**Exercise goal**
Pictures excluded, return the lines below from the first through the line holding "[diagram v1a: part".

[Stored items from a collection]
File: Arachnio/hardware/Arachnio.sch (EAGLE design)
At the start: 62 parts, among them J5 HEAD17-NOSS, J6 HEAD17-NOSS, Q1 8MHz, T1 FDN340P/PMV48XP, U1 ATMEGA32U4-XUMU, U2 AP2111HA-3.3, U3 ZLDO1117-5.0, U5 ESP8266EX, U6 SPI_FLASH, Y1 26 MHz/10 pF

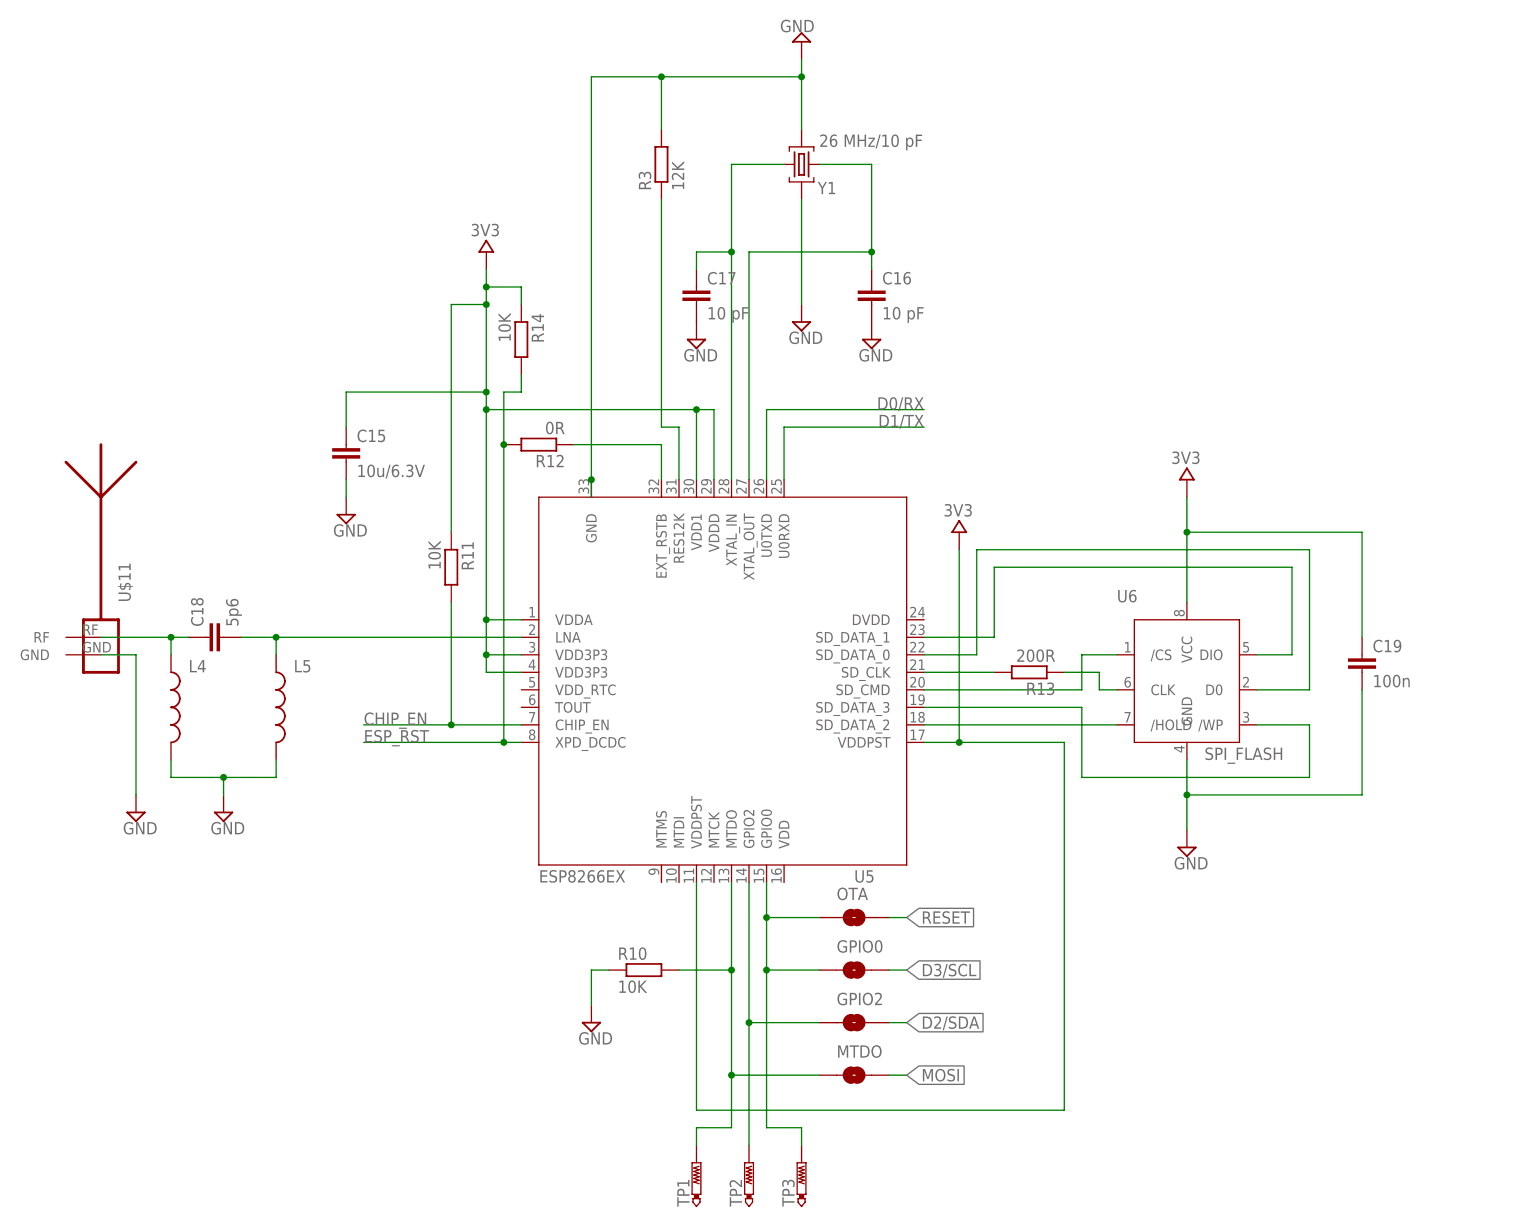
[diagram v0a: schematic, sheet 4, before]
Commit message: ﻿Added 3 new decoupling caps to the ESP8266 # Please enter the commit message for your changes. Lines starting # with '#' will be ignored, and an empty message aborts the commit. # On branch decoupling # Changes to be committed: #	modified:   Arachnio/hardware/Arachnio.brd #	modified:   Arachnio/hardware/Arachnio.sch #
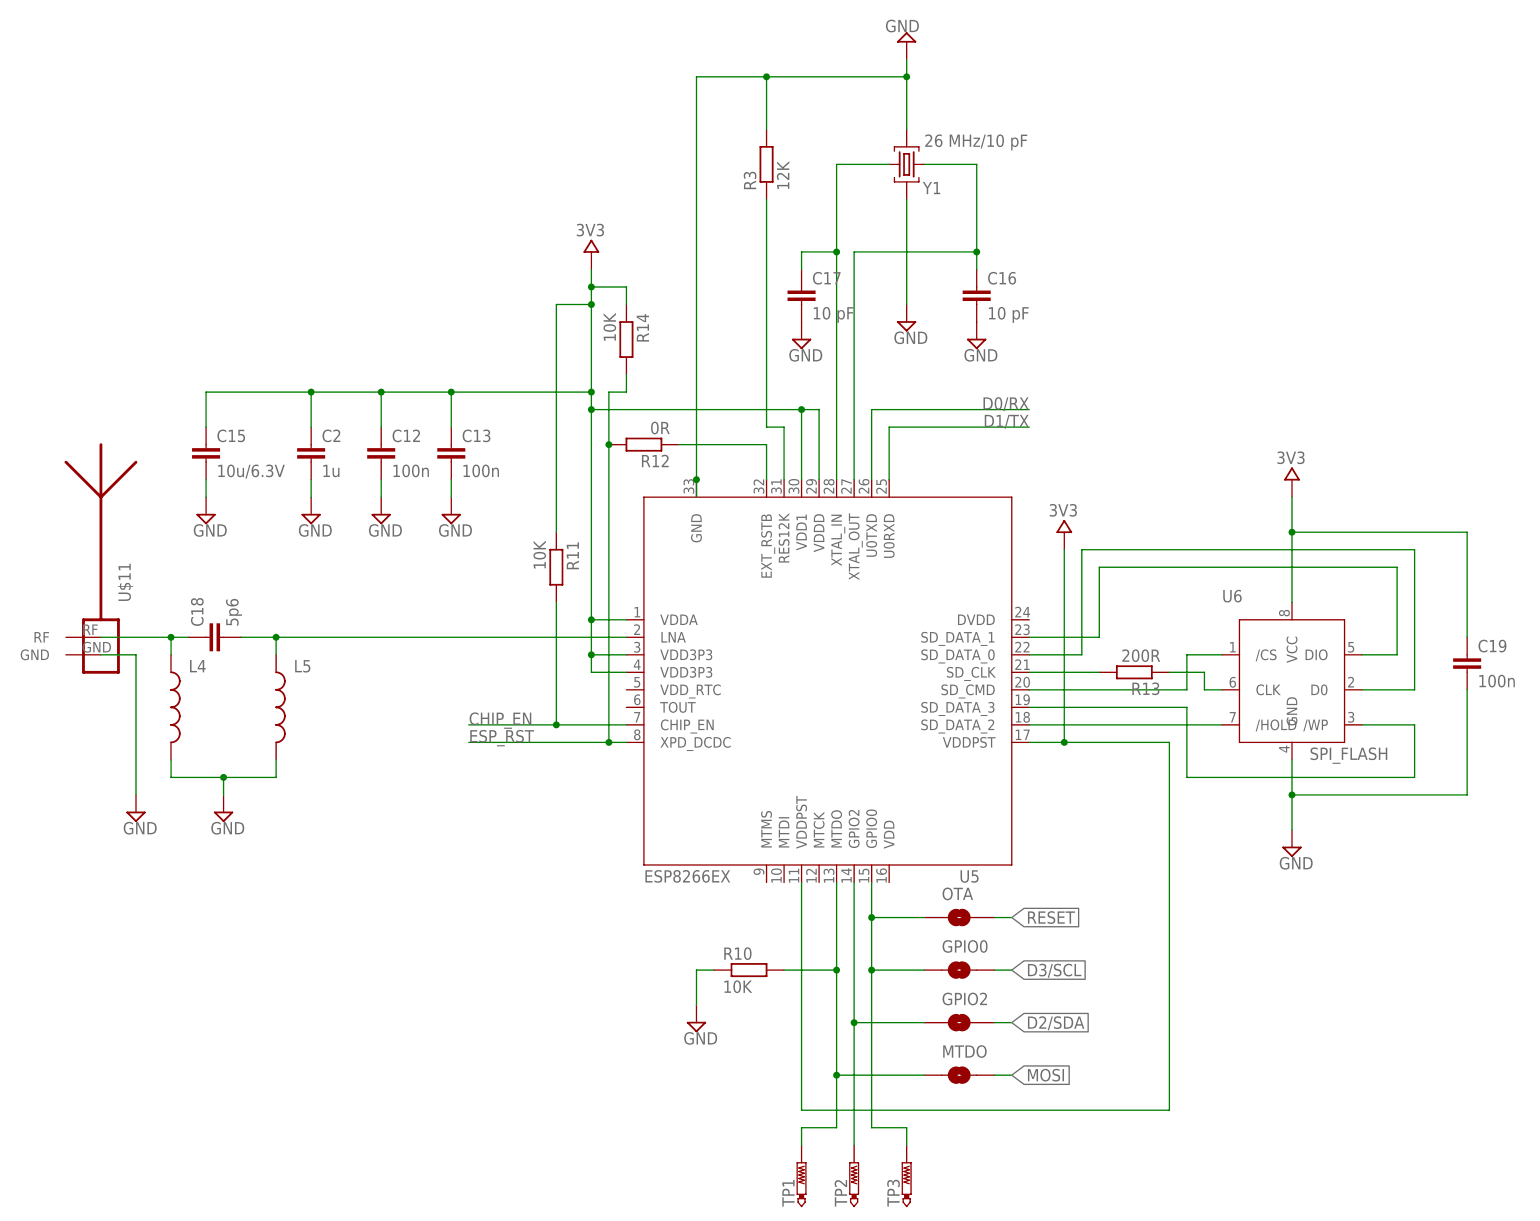
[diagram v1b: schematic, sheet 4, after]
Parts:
- added C12, C13: 100n, resistor:C-EUC0603
- added C2: 1u, resistor:C-EUC0603
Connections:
- net 3V3: now also C12.1, C13.1, C2.1
- net GND: now also C12.2, C13.2, C2.2
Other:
- moved on the sheet: C15, C16, C17, C19, GPIO0, GPIO2, MTDO, OTA, R10, R11, R12, R13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

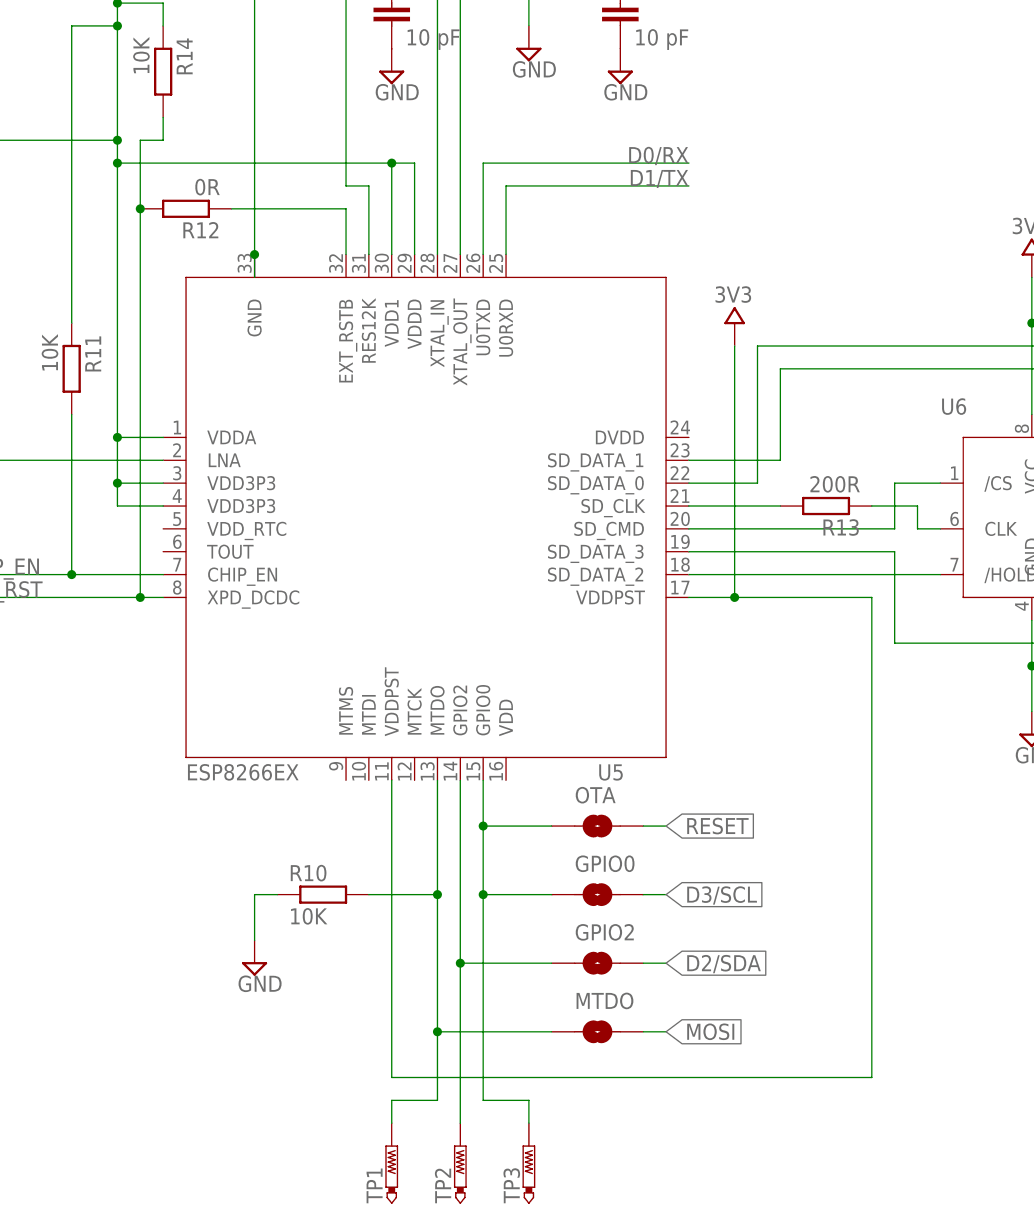
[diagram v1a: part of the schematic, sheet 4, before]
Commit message: -- Fixed ground plane issues -- Connected USB shield to ground -- Simplified boot select by tying MTDO and GPIO2 low and high, respectively -- Removed test points for MTDO and GPIO2 -- Replaced 0R resistor with NC by trace solder jumper -- Replaced GPIO2 and OTA jumpers with a single 3-way NO solder jumper
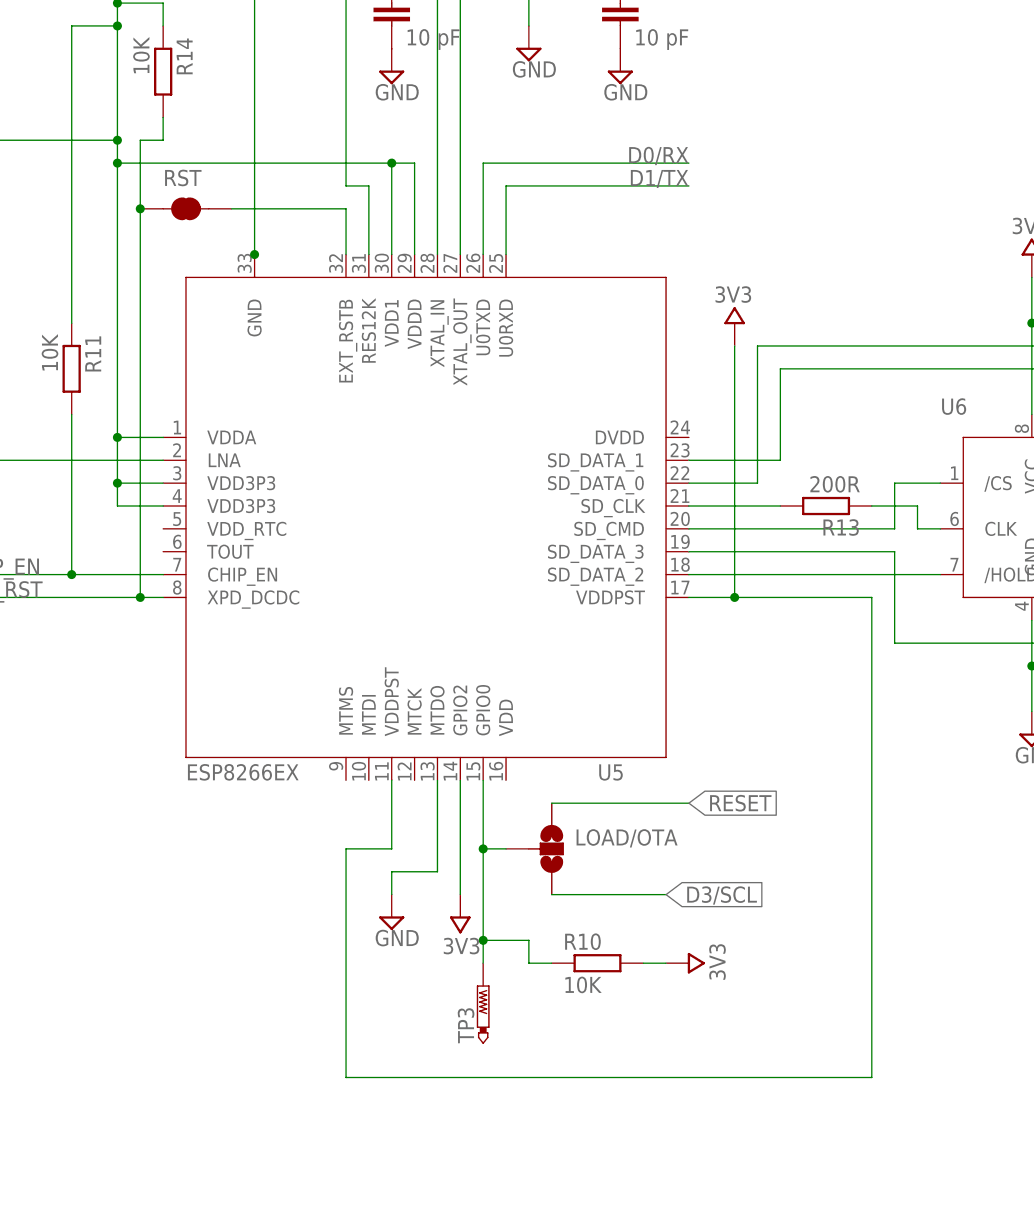
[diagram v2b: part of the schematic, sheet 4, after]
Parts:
- removed GPIO0, GPIO2, MTDO, OTA: JUMPER-PAD-2-NOYES_SILK, SparkFun-Passives:JUMPER-PAD-2-NOYES_SILK
- removed R12: 0R, resistor:R-EU_R0603
- removed TP1, TP2: PTR1TP15SQ, testpad:PTR1TP15SQ
- added LOAD/OTA: JUMPER-PAD-3-NOYES_SILK, SparkFun-Passives:JUMPER-PAD-3-NOYES_SILK
- added RST: JUMPER-PAD-2-NC_BY_TRACE, SparkFun-Passives:JUMPER-PAD-2-NC_BY_TRACE
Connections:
- removed net N$1: MTDO.1, R10.2, TP1.TP, U5.MTDO
- removed net N$5: GPIO2.1, TP2.TP, U5.GPIO2
- net 3V3: now also R10.2, U5.GPIO2
- net D2/SDA: no longer GPIO2.2
- net D3/SCL: now also LOAD/OTA.3; no longer GPIO0.2
- net ESP_RST: now also RST.1; no longer R12.2
- net GND: now also CN1.SHIELD@0, CN1.SHIELD@1, CN1.SHIELD@2, CN1.SHIELD@3, U5.MTDO; no longer R10.1
- net MOSI: no longer MTDO.2
- net N$33: now also RST.2; no longer R12.1
- net N$6: now also LOAD/OTA.2, R10.1; no longer GPIO0.1, OTA.1
- net RESET: now also LOAD/OTA.1; no longer OTA.2
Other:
- moved on the sheet: CN1, F1, R10, TP3

**Answer section**
File: Arachnio/hardware/Arachnio.sch (EAGLE design)
At the start: 62 parts, among them J5 HEAD17-NOSS, J6 HEAD17-NOSS, Q1 8MHz, T1 FDN340P/PMV48XP, U1 ATMEGA32U4-XUMU, U2 AP2111HA-3.3, U3 ZLDO1117-5.0, U5 ESP8266EX, U6 SPI_FLASH, Y1 26 MHz/10 pF

[diagram v0a: schematic, sheet 4, before]
Commit message: ﻿Added 3 new decoupling caps to the ESP8266 # Please enter the commit message for your changes. Lines starting # with '#' will be ignored, and an empty message aborts the commit. # On branch decoupling # Changes to be committed: #	modified:   Arachnio/hardware/Arachnio.brd #	modified:   Arachnio/hardware/Arachnio.sch #
[diagram v1b: schematic, sheet 4, after]
Parts:
- added C12, C13: 100n, resistor:C-EUC0603
- added C2: 1u, resistor:C-EUC0603
Connections:
- net 3V3: now also C12.1, C13.1, C2.1
- net GND: now also C12.2, C13.2, C2.2
Other:
- moved on the sheet: C15, C16, C17, C19, GPIO0, GPIO2, MTDO, OTA, R10, R11, R12, R13

[diagram v1a: part of the schematic, sheet 4, before]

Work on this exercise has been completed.